### INSTRUCTIONS FOR THE TASK
Across the whole listing, copy out every line that includes the string "circle".

*** AVAILABLE RECORDS

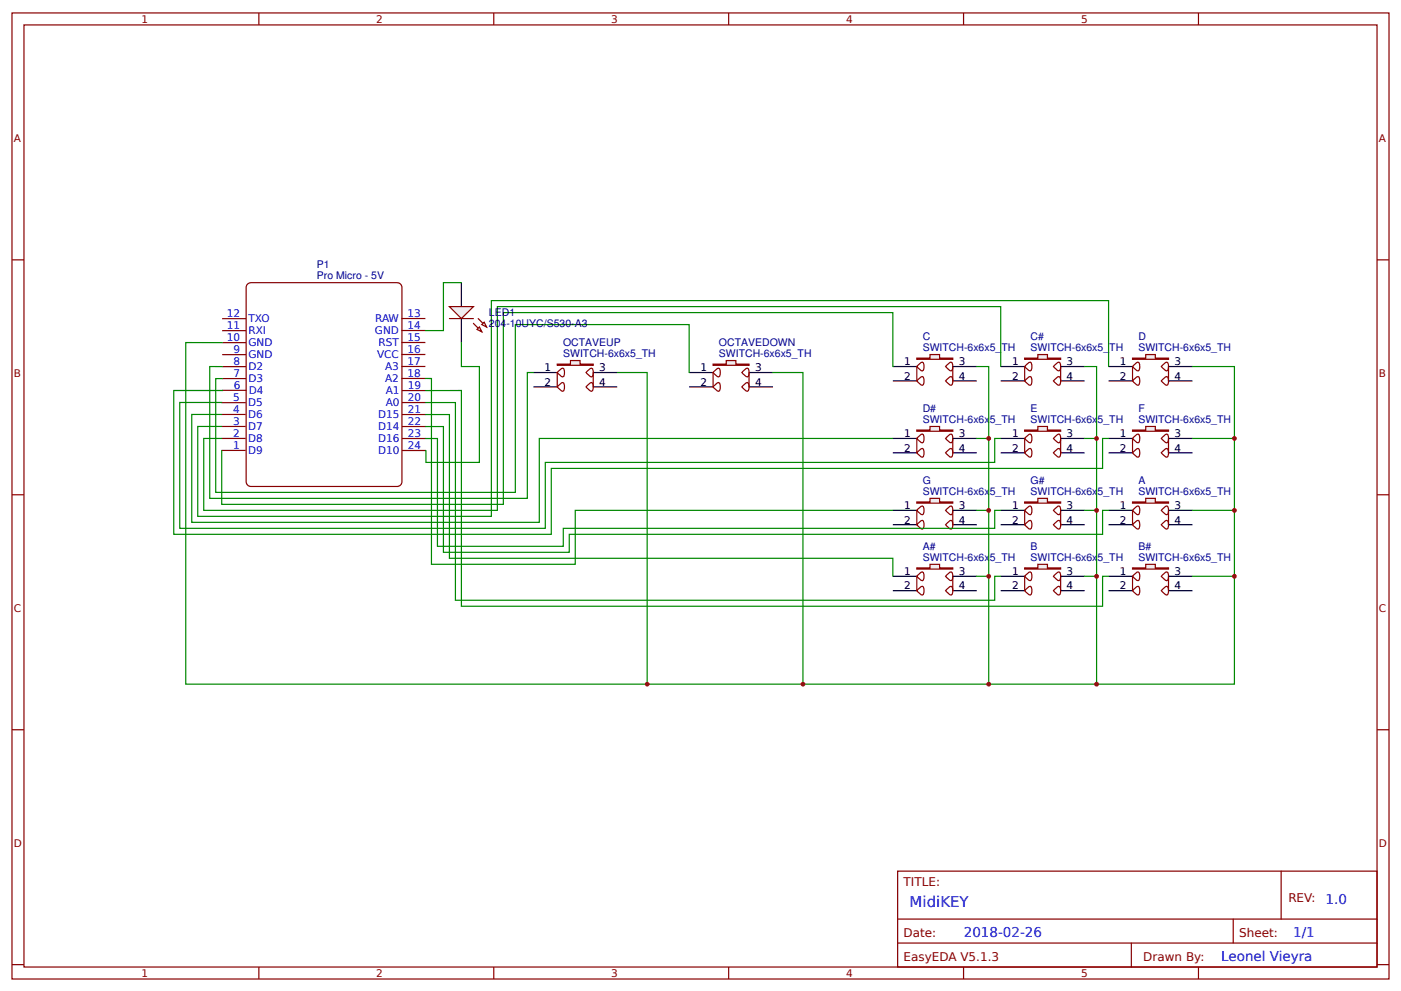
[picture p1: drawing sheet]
<svg xmlns="http://www.w3.org/2000/svg" width="312mm" height="221mm" viewBox="0 0 312 221" stroke-linecap="round" stroke-linejoin="round" font-family="sans-serif">
<g fill="none" stroke="#800" stroke-width=".27">
<path d="M2.7 2.9h306.4v214.9h-306.4zM5.3 5.5h301.1v209.7h-301.1zM57.6 2.9v2.6M109.9 2.9v2.6M162.2 2.9v2.6M214.4 2.9v2.6M266.7 2.9v2.6M2.7 57.8h2.6M306.4 57.8h2.7M2.7 110.1h2.6M306.4 110.1h2.7M2.7 162.4h2.6"/>
<path d="M306.4 162.4h2.7M199.8 193.8h106.6v21.4h-106.6zM285.1 193.8v10.7M2.7 214.6h2.6M57.6 215.2v2.6M109.9 215.2v2.6M162.2 215.2v2.6M199.8 204.5h106.6M199.8 209.8h106.6M214.4 215.2v2.6M251.8 209.8v5.4M266.7 215.2v2.6"/>
<path d="M274.4 204.5v5.3M306.4 214.6h2.7"/>
</g>
<path d="M55 63.3l.8-.4h32.6a1.06 1.06 0 0 1 1 1.1v43.2a1.07 1.07 0 0 1-1 1h-32.6a1.07 1.07 0 0 1-1-1v-43.2z" fill="#fff" stroke="#800000" stroke-width=".27"/>
<g fill="none" stroke="#800" stroke-width=".27">
<path d="M49.4 78.9h5.4M49.4 76.2h5.4M49.4 73.6h5.4M49.4 70.9h5.4M89.3 78.9h5.4M89.3 76.2h5.4M89.3 73.5h5.4M89.3 70.9h5.4M49.3 97.6h5.4M49.3 94.9h5.4M49.3 92.2h5.4M49.4 89.6h5.3"/>
<path d="M49.4 84.2h5.4M49.4 81.6h5.4M49.5 86.9h5.3M89.3 84.2h5.4M89.3 81.5h5.4M89.4 97.6h5.4M89.4 94.9h5.4M89.4 92.2h5.4M89.4 89.6h5.4M89.4 86.9h5.4M49.3 100.2h5.4M89.4 100.2h5.4"/>
</g>
<path d="M246.7 81.6h5.3M246.7 84.8h5.3" fill="none" stroke="#000" stroke-width=".27"/>
<path d="M252 79.7h3v-.8h2.1v.8h2.9v.3h-8z" fill="#efefef" stroke="#800" stroke-width=".27"/>
<path d="M252 81.6v3.2M252.3 81.2l.7-.5 .3-.1a1.59 1.59 0 0 1 0 1.9l-.6-.3-.7-.6zM253.6 84.8l-.1-.7-.2-.3-.6 .3-.7 .7 .7 .6 .6 .3 .2-.2 .1-.7M258.7 81.2l.7-.5 .3-.1a1.59 1.59 0 0 1 0 1.9l-.6-.3-.7-.6zM260 81.6v3.2l-.1-.7-.2-.3-.6 .3-.7 .7 .7 .6 .6 .3 .2-.2 .1-.7" fill="none" stroke="#800" stroke-width=".27"/>
<path d="M198.7 97.6h5.3M260 81.6h5.4M260 84.8h5.4M198.7 100.8h5.3" fill="none" stroke="#000" stroke-width=".27"/>
<path d="M204 95.7h3v-.8h2.1v.8h2.9v.3h-8z" fill="#efefef" stroke="#800" stroke-width=".27"/>
<path d="M204 97.6v3.2M204.3 97.2l.7-.5 .3-.1a1.59 1.59 0 0 1 0 1.9l-.6-.3-.7-.6zM210.7 97.2l.7-.5 .3-.1a1.59 1.59 0 0 1 0 1.9l-.6-.3-.7-.6zM212 97.6v3.2M204.3 100.4l.7-.5 .3-.1a1.59 1.59 0 0 1 0 1.9l-.6-.3-.7-.6zM210.7 100.4l.7-.5 .3-.1a1.59 1.59 0 0 1 0 1.9l-.6-.3-.7-.6z" fill="none" stroke="#800" stroke-width=".27"/>
<path d="M212 97.6h5.4M222.7 97.6h5.3M212 100.8h5.4M222.7 100.8h5.3" fill="none" stroke="#000" stroke-width=".27"/>
<path d="M228 95.7h3v-.8h2.1v.8h2.9v.3h-8z" fill="#efefef" stroke="#800" stroke-width=".27"/>
<path d="M228 97.6v3.2M228.3 97.2l.7-.5 .3-.1a1.59 1.59 0 0 1 0 1.9l-.6-.3-.7-.6zM234.7 97.2l.7-.5 .3-.1a1.59 1.59 0 0 1 0 1.9l-.6-.3-.7-.6zM236 97.6v3.2M228.3 100.4l.7-.5 .3-.1a1.59 1.59 0 0 1 0 1.9l-.6-.3-.7-.6zM234.7 100.4l.7-.5 .3-.1a1.59 1.59 0 0 1 0 1.9l-.6-.3-.7-.6z" fill="none" stroke="#800" stroke-width=".27"/>
<path d="M236 97.6h5.4M246.7 97.6h5.3M236 100.8h5.4M246.7 100.8h5.3" fill="none" stroke="#000" stroke-width=".27"/>
<path d="M252 95.7h3v-.8h2.1v.8h2.9v.3h-8z" fill="#efefef" stroke="#800" stroke-width=".27"/>
<path d="M252 97.6v3.2M252.3 97.2l.7-.5 .3-.1a1.59 1.59 0 0 1 0 1.9l-.6-.3-.7-.6zM258.7 97.2l.7-.5 .3-.1a1.59 1.59 0 0 1 0 1.9l-.6-.3-.7-.6zM260 97.6v3.2M252.3 100.4l.7-.5 .3-.1a1.59 1.59 0 0 1 0 1.9l-.6-.3-.7-.6zM258.7 100.4l.7-.5 .3-.1a1.59 1.59 0 0 1 0 1.9l-.6-.3-.7-.6z" fill="none" stroke="#800" stroke-width=".27"/>
<path d="M260 97.6h5.4M198.7 113.6h5.3M198.7 116.8h5.3M260 100.8h5.4" fill="none" stroke="#000" stroke-width=".27"/>
<path d="M204 111.7h3v-.8h2.1v.8h2.9v.3h-8z" fill="#efefef" stroke="#800" stroke-width=".27"/>
<path d="M204 113.6v3.2M204.3 113.2l.7-.5 .3-.1a1.59 1.59 0 0 1 0 1.9l-.6-.3-.7-.6zM204.3 116.4l.7-.5 .3-.1a1.59 1.59 0 0 1 0 1.9l-.6-.3-.7-.6zM210.7 113.2l.7-.5 .3-.1a1.59 1.59 0 0 1 0 1.9l-.6-.3-.7-.6zM210.7 116.4l.7-.5 .3-.1a1.59 1.59 0 0 1 0 1.9l-.6-.3-.7-.6zM212 113.6v3.2" fill="none" stroke="#800" stroke-width=".27"/>
<path d="M212 113.6h5.4M212 116.8h5.4M222.7 113.6h5.3M222.7 116.8h5.3" fill="none" stroke="#000" stroke-width=".27"/>
<path d="M228 111.7h3v-.8h2.1v.8h2.9v.3h-8z" fill="#efefef" stroke="#800" stroke-width=".27"/>
<path d="M228 113.6v3.2M228.3 113.2l.7-.5 .3-.1a1.59 1.59 0 0 1 0 1.9l-.6-.3-.7-.6zM228.3 116.4l.7-.5 .3-.1a1.59 1.59 0 0 1 0 1.9l-.6-.3-.7-.6zM234.7 113.2l.7-.5 .3-.1a1.59 1.59 0 0 1 0 1.9l-.6-.3-.7-.6zM234.7 116.4l.7-.5 .3-.1a1.59 1.59 0 0 1 0 1.9l-.6-.3-.7-.6zM236 113.6v3.2" fill="none" stroke="#800" stroke-width=".27"/>
<path d="M236 113.6h5.4M236 116.8h5.4M246.7 113.6h5.3M246.7 116.8h5.3" fill="none" stroke="#000" stroke-width=".27"/>
<path d="M252 111.7h3v-.8h2.1v.8h2.9v.3h-8z" fill="#efefef" stroke="#800" stroke-width=".27"/>
<path d="M252 113.6v3.2M252.3 113.2l.7-.5 .3-.1a1.59 1.59 0 0 1 0 1.9l-.6-.3-.7-.6zM252.3 116.4l.7-.5 .3-.1a1.59 1.59 0 0 1 0 1.9l-.6-.3-.7-.6zM258.7 113.2l.7-.5 .3-.1a1.59 1.59 0 0 1 0 1.9l-.6-.3-.7-.6zM258.7 116.4l.7-.5 .3-.1a1.59 1.59 0 0 1 0 1.9l-.6-.3-.7-.6zM260 113.6v3.2" fill="none" stroke="#800" stroke-width=".27"/>
<path d="M260 113.6h5.4M260 116.8h5.4M198.7 128.2h5.3M198.7 131.4h5.3" fill="none" stroke="#000" stroke-width=".27"/>
<path d="M204 126.4h3v-.8h2.1v.8h2.9v.2h-8z" fill="#efefef" stroke="#800" stroke-width=".27"/>
<path d="M204 128.2v3.2M204.3 127.9l.7-.6h.3a1.59 1.59 0 0 1 0 1.9l-.6-.3-.7-.7zM204.3 131.1l.7-.6h.3a1.59 1.59 0 0 1 0 1.9l-.6-.3-.7-.7zM210.7 127.9l.7-.6h.3a1.59 1.59 0 0 1 0 1.9l-.6-.3-.7-.7zM210.7 131.1l.7-.6h.3a1.59 1.59 0 0 1 0 1.9l-.6-.3-.7-.7zM212 128.2v3.2" fill="none" stroke="#800" stroke-width=".27"/>
<path d="M212 128.2h5.4M212 131.4h5.4M246.7 128.2h5.3M246.7 131.4h5.3" fill="none" stroke="#000" stroke-width=".27"/>
<path d="M252 126.4h3v-.8h2.1v.8h2.9v.2h-8z" fill="#efefef" stroke="#800" stroke-width=".27"/>
<path d="M252 128.2v3.2M252.3 127.9l.7-.6h.3a1.59 1.59 0 0 1 0 1.9l-.6-.3-.7-.7zM252.3 131.1l.7-.6h.3a1.59 1.59 0 0 1 0 1.9l-.6-.3-.7-.7zM258.7 127.9l.7-.6h.3a1.59 1.59 0 0 1 0 1.9l-.6-.3-.7-.7zM258.7 131.1l.7-.6h.3a1.59 1.59 0 0 1 0 1.9l-.6-.3-.7-.7zM260 128.2v3.2" fill="none" stroke="#800" stroke-width=".27"/>
<path d="M222.7 81.6h5.3M222.7 84.8h5.3M260 128.2h5.4M260 131.4h5.4" fill="none" stroke="#000" stroke-width=".27"/>
<path d="M228 79.7h3v-.8h2.1v.8h2.9v.3h-8z" fill="#efefef" stroke="#800" stroke-width=".27"/>
<path d="M228 81.6v3.2M228.3 81.2l.7-.5 .3-.1a1.59 1.59 0 0 1 0 1.9l-.6-.3-.7-.6zM229.6 84.8l-.1-.7-.2-.3-.6 .3-.7 .7 .7 .6 .6 .3 .2-.2 .1-.7M234.7 81.2l.7-.5 .3-.1a1.59 1.59 0 0 1 0 1.9l-.6-.3-.7-.6zM236 81.6v3.2l-.1-.7-.2-.3-.6 .3-.7 .7 .7 .6 .6 .3 .2-.2 .1-.7" fill="none" stroke="#800" stroke-width=".27"/>
<path d="M198.7 81.6h5.3M198.7 84.8h5.3M236 81.6h5.4M236 84.8h5.4" fill="none" stroke="#000" stroke-width=".27"/>
<path d="M204 79.7h3v-.8h2.1v.8h2.9v.3h-8z" fill="#efefef" stroke="#800" stroke-width=".27"/>
<path d="M204 81.6v3.2M204.3 81.2l.7-.5 .3-.1a1.59 1.59 0 0 1 0 1.9l-.6-.3-.7-.6zM205.6 84.8l-.1-.7-.2-.3-.6 .3-.7 .7 .7 .6 .6 .3 .2-.2 .1-.7M210.7 81.2l.7-.5 .3-.1a1.59 1.59 0 0 1 0 1.9l-.6-.3-.7-.6zM212 81.6v3.2l-.1-.7-.2-.3-.6 .3-.7 .7 .7 .6 .6 .3 .2-.2 .1-.7" fill="none" stroke="#800" stroke-width=".27"/>
<path d="M212 81.6h5.4M212 84.8h5.4M222.7 128.2h5.3M222.7 131.4h5.3" fill="none" stroke="#000" stroke-width=".27"/>
<path d="M228 126.4h3v-.8h2.1v.8h2.9v.2h-8z" fill="#efefef" stroke="#800" stroke-width=".27"/>
<path d="M228 128.2v3.2M228.3 127.9l.7-.6h.3a1.59 1.59 0 0 1 0 1.9l-.6-.3-.7-.7zM228.3 131.1l.7-.6h.3a1.59 1.59 0 0 1 0 1.9l-.6-.3-.7-.7zM234.7 127.9l.7-.6h.3a1.59 1.59 0 0 1 0 1.9l-.6-.3-.7-.7zM234.7 131.1l.7-.6h.3a1.59 1.59 0 0 1 0 1.9l-.6-.3-.7-.7zM236 128.2v3.2" fill="none" stroke="#800" stroke-width=".27"/>
<path d="M118.7 82.9h5.3M118.7 86.1h5.3M236 128.2h5.4M236 131.4h5.4" fill="none" stroke="#000" stroke-width=".27"/>
<path d="M124 81h2.9v-.8h2.2v.8h2.9v.3h-8z" fill="#efefef" stroke="#800" stroke-width=".27"/>
<path d="M124 82.9v3.2M124.3 82.5l.7-.5 .3-.1a1.59 1.59 0 0 1 0 1.9l-.7-.2-.6-.7zM124.3 85.7l.7-.5 .3-.1a1.59 1.59 0 0 1 0 1.9l-.7-.2-.6-.7zM130.7 82.5l.7-.5 .3-.1a1.59 1.59 0 0 1 0 1.9l-.7-.2-.6-.7zM130.7 85.7l.7-.5 .3-.1a1.59 1.59 0 0 1 0 1.9l-.7-.2-.6-.7zM132 82.9v3.2" fill="none" stroke="#800" stroke-width=".27"/>
<path d="M132 82.9h5.4M132 86.1h5.4M153.4 82.9h5.3M153.4 86.1h5.3" fill="none" stroke="#000" stroke-width=".27"/>
<path d="M158.7 81h2.9v-.8h2.2v.8h2.9v.3h-8z" fill="#efefef" stroke="#800" stroke-width=".27"/>
<path d="M158.7 82.9v3.2M159 82.5l.7-.5 .3-.1a1.59 1.59 0 0 1 0 1.9l-.7-.2-.6-.7zM159 85.7l.7-.5 .3-.1a1.59 1.59 0 0 1 0 1.9l-.7-.2-.6-.7zM165.4 82.5l.7-.5 .3-.1a1.59 1.59 0 0 1 0 1.9l-.7-.2-.6-.7zM165.4 85.7l.7-.5 .3-.1a1.59 1.59 0 0 1 0 1.9l-.7-.2-.6-.7zM166.7 82.9v3.2" fill="none" stroke="#800" stroke-width=".27"/>
<path d="M166.7 82.9h5.3M166.7 86.1h5.3" fill="none" stroke="#000" stroke-width=".27"/>
<path d="M49.4 76.2h-8.1v76h233.4v-24h-9.3M265.4 97.6h9.3v16M265.4 113.6h9.3v14.6" fill="none" stroke="#080" stroke-width=".27"/>
<circle cx="274.7" cy="113.6" r=".53" fill="#c00"/>
<path d="M265.4 81.6h9.3v16" fill="none" stroke="#080" stroke-width=".27"/>
<circle cx="274.7" cy="97.6" r=".53" fill="#c00"/>
<path d="M241.4 113.6h2.6v14.6M241.4 128.2h2.6v24" fill="none" stroke="#080" stroke-width=".27"/>
<circle cx="244" cy="128.2" r=".53" fill="#c00"/>
<path d="M241.4 97.6h2.6v16" fill="none" stroke="#080" stroke-width=".27"/>
<circle cx="244" cy="113.6" r=".53" fill="#c00"/>
<path d="M241.4 81.6h2.6v16" fill="none" stroke="#080" stroke-width=".27"/>
<circle cx="244" cy="97.6" r=".53" fill="#c00"/>
<path d="M217.4 81.6h2.6v70.6M217.4 97.6h2.6" fill="none" stroke="#080" stroke-width=".27"/>
<circle cx="220" cy="97.6" r=".53" fill="#c00"/>
<path d="M217.4 113.6h2.6" fill="none" stroke="#080" stroke-width=".27"/>
<circle cx="220" cy="113.6" r=".53" fill="#c00"/>
<path d="M217.4 128.2h2.6" fill="none" stroke="#080" stroke-width=".27"/>
<circle cx="220" cy="128.2" r=".53" fill="#c00"/>
<g fill="none" stroke="#080" stroke-width=".27">
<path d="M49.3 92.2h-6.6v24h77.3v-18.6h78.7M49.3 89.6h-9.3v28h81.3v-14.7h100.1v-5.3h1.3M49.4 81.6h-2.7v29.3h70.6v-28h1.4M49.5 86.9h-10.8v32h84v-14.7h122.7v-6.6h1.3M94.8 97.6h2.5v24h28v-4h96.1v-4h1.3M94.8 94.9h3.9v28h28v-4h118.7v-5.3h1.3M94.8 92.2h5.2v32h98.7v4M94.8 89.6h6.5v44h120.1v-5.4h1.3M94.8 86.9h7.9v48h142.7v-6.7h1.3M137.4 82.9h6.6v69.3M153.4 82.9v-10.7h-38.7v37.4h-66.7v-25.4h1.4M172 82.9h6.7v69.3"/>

******

### EXERCISE RESPONSE
<circle cx="274.7" cy="113.6" r=".53" fill="#c00"/>
<circle cx="274.7" cy="97.6" r=".53" fill="#c00"/>
<circle cx="244" cy="128.2" r=".53" fill="#c00"/>
<circle cx="244" cy="113.6" r=".53" fill="#c00"/>
<circle cx="244" cy="97.6" r=".53" fill="#c00"/>
<circle cx="220" cy="97.6" r=".53" fill="#c00"/>
<circle cx="220" cy="113.6" r=".53" fill="#c00"/>
<circle cx="220" cy="128.2" r=".53" fill="#c00"/>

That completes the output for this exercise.